Problem
Omitting any pictures, transcribe the entries below exactly.
━━ Data for analysis ━━
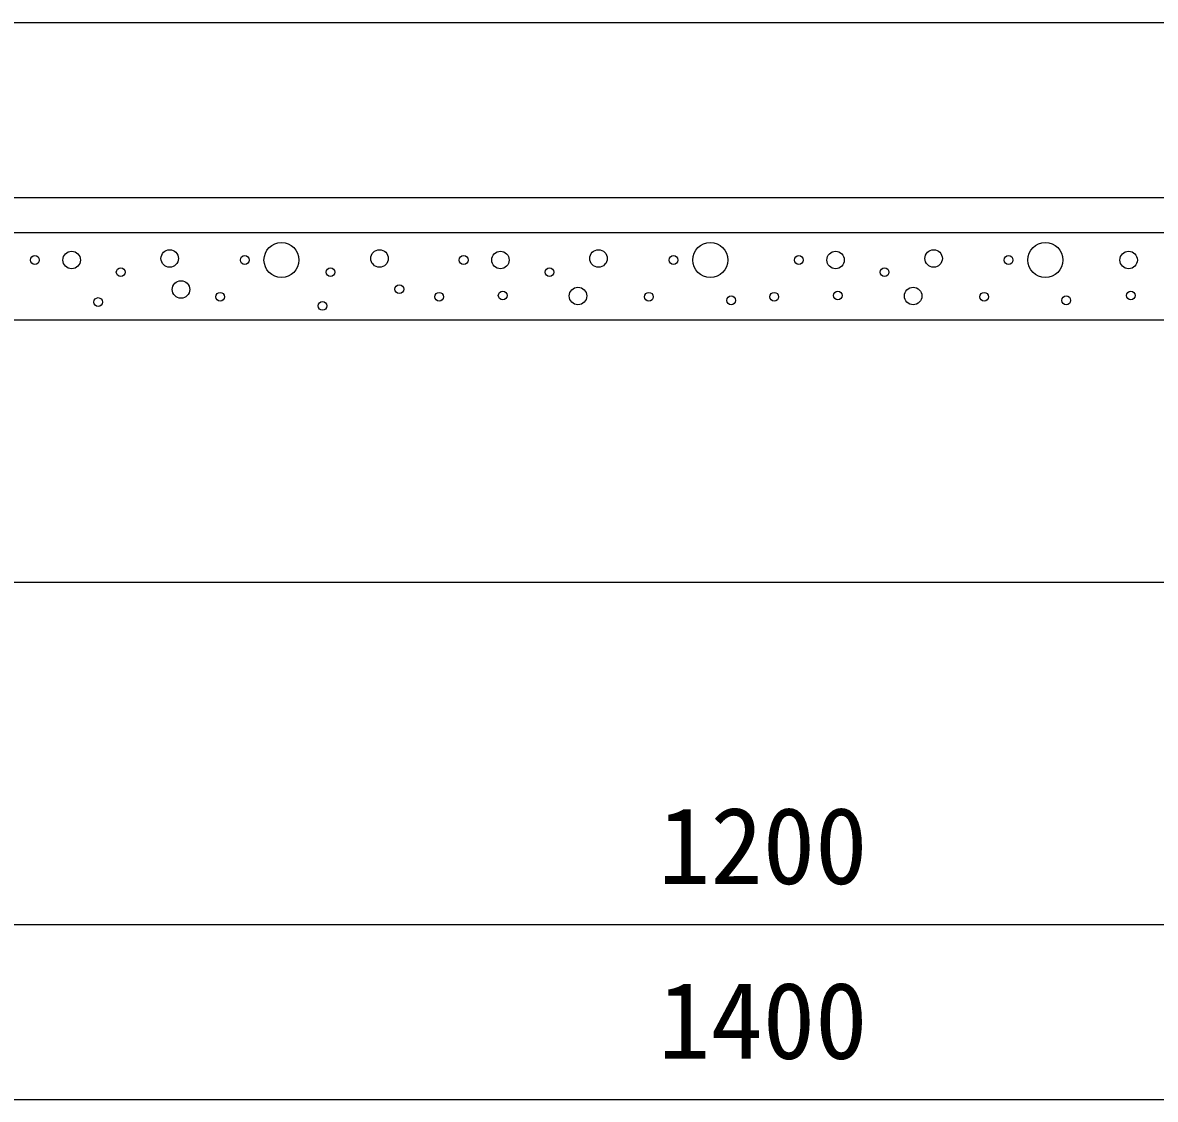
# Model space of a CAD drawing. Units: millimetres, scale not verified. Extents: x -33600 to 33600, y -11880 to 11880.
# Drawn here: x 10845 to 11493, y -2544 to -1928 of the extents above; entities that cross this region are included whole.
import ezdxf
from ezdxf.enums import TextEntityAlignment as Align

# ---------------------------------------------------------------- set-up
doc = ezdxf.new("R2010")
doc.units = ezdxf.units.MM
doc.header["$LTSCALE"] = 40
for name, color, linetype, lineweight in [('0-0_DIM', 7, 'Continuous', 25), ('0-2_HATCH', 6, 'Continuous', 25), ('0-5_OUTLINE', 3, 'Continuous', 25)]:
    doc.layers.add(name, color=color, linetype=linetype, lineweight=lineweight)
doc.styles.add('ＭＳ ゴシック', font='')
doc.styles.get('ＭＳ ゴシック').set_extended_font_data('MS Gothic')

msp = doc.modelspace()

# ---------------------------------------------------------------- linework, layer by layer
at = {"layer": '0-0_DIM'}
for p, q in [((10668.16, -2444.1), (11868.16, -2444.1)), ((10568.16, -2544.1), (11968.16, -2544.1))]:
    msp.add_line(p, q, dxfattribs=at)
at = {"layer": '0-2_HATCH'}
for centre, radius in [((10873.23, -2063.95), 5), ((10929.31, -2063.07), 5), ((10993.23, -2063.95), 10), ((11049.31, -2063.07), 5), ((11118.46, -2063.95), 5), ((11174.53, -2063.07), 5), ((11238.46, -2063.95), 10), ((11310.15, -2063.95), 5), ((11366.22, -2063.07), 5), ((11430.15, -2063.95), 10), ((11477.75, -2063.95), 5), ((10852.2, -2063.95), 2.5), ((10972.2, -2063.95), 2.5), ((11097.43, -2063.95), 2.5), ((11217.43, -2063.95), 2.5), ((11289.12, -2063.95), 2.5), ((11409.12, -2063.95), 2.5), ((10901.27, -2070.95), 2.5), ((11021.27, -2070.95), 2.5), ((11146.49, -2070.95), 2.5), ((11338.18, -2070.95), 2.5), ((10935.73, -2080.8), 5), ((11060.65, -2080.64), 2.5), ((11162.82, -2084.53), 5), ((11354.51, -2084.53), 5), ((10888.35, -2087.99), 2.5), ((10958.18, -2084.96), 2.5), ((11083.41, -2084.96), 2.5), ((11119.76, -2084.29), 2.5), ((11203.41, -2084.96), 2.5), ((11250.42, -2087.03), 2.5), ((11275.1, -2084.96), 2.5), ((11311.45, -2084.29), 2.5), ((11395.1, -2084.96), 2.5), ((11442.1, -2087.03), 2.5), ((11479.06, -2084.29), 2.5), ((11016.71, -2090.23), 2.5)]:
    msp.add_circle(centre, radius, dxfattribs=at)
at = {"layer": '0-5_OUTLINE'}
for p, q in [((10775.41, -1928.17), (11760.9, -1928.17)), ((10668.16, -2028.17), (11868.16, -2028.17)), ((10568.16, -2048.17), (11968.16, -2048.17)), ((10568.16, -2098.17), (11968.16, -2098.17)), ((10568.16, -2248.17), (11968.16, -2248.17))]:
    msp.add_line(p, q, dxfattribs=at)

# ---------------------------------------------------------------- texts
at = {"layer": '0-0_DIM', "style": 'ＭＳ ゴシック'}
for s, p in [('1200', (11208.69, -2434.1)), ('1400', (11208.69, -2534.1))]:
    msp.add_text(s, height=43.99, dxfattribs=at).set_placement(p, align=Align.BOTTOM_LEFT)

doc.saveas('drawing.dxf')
━━━
Task response
# Model space of a CAD drawing. Units: millimetres, scale not verified. Extents: x -33600 to 33600, y -11880 to 11880.
# Drawn here: x 10845 to 11493, y -2544 to -1928 of the extents above; entities that cross this region are included whole.
import ezdxf
from ezdxf.enums import TextEntityAlignment as Align

# ---------------------------------------------------------------- set-up
doc = ezdxf.new("R2010")
doc.units = ezdxf.units.MM
doc.header["$LTSCALE"] = 40
for name, color, linetype, lineweight in [('0-0_DIM', 7, 'Continuous', 25), ('0-2_HATCH', 6, 'Continuous', 25), ('0-5_OUTLINE', 3, 'Continuous', 25)]:
    doc.layers.add(name, color=color, linetype=linetype, lineweight=lineweight)
doc.styles.add('ＭＳ ゴシック', font='')
doc.styles.get('ＭＳ ゴシック').set_extended_font_data('MS Gothic')

msp = doc.modelspace()

# ---------------------------------------------------------------- linework, layer by layer
at = {"layer": '0-0_DIM'}
for p, q in [((10668.16, -2444.1), (11868.16, -2444.1)), ((10568.16, -2544.1), (11968.16, -2544.1))]:
    msp.add_line(p, q, dxfattribs=at)
at = {"layer": '0-2_HATCH'}
for centre, radius in [((10873.23, -2063.95), 5), ((10929.31, -2063.07), 5), ((10993.23, -2063.95), 10), ((11049.31, -2063.07), 5), ((11118.46, -2063.95), 5), ((11174.53, -2063.07), 5), ((11238.46, -2063.95), 10), ((11310.15, -2063.95), 5), ((11366.22, -2063.07), 5), ((11430.15, -2063.95), 10), ((11477.75, -2063.95), 5), ((10852.2, -2063.95), 2.5), ((10972.2, -2063.95), 2.5), ((11097.43, -2063.95), 2.5), ((11217.43, -2063.95), 2.5), ((11289.12, -2063.95), 2.5), ((11409.12, -2063.95), 2.5), ((10901.27, -2070.95), 2.5), ((11021.27, -2070.95), 2.5), ((11146.49, -2070.95), 2.5), ((11338.18, -2070.95), 2.5), ((10935.73, -2080.8), 5), ((11060.65, -2080.64), 2.5), ((11162.82, -2084.53), 5), ((11354.51, -2084.53), 5), ((10888.35, -2087.99), 2.5), ((10958.18, -2084.96), 2.5), ((11083.41, -2084.96), 2.5), ((11119.76, -2084.29), 2.5), ((11203.41, -2084.96), 2.5), ((11250.42, -2087.03), 2.5), ((11275.1, -2084.96), 2.5), ((11311.45, -2084.29), 2.5), ((11395.1, -2084.96), 2.5), ((11442.1, -2087.03), 2.5), ((11479.06, -2084.29), 2.5), ((11016.71, -2090.23), 2.5)]:
    msp.add_circle(centre, radius, dxfattribs=at)
at = {"layer": '0-5_OUTLINE'}
for p, q in [((10775.41, -1928.17), (11760.9, -1928.17)), ((10668.16, -2028.17), (11868.16, -2028.17)), ((10568.16, -2048.17), (11968.16, -2048.17)), ((10568.16, -2098.17), (11968.16, -2098.17)), ((10568.16, -2248.17), (11968.16, -2248.17))]:
    msp.add_line(p, q, dxfattribs=at)

# ---------------------------------------------------------------- texts
at = {"layer": '0-0_DIM', "style": 'ＭＳ ゴシック'}
for s, p in [('1200', (11208.69, -2434.1)), ('1400', (11208.69, -2534.1))]:
    msp.add_text(s, height=43.99, dxfattribs=at).set_placement(p, align=Align.BOTTOM_LEFT)

doc.saveas('drawing.dxf')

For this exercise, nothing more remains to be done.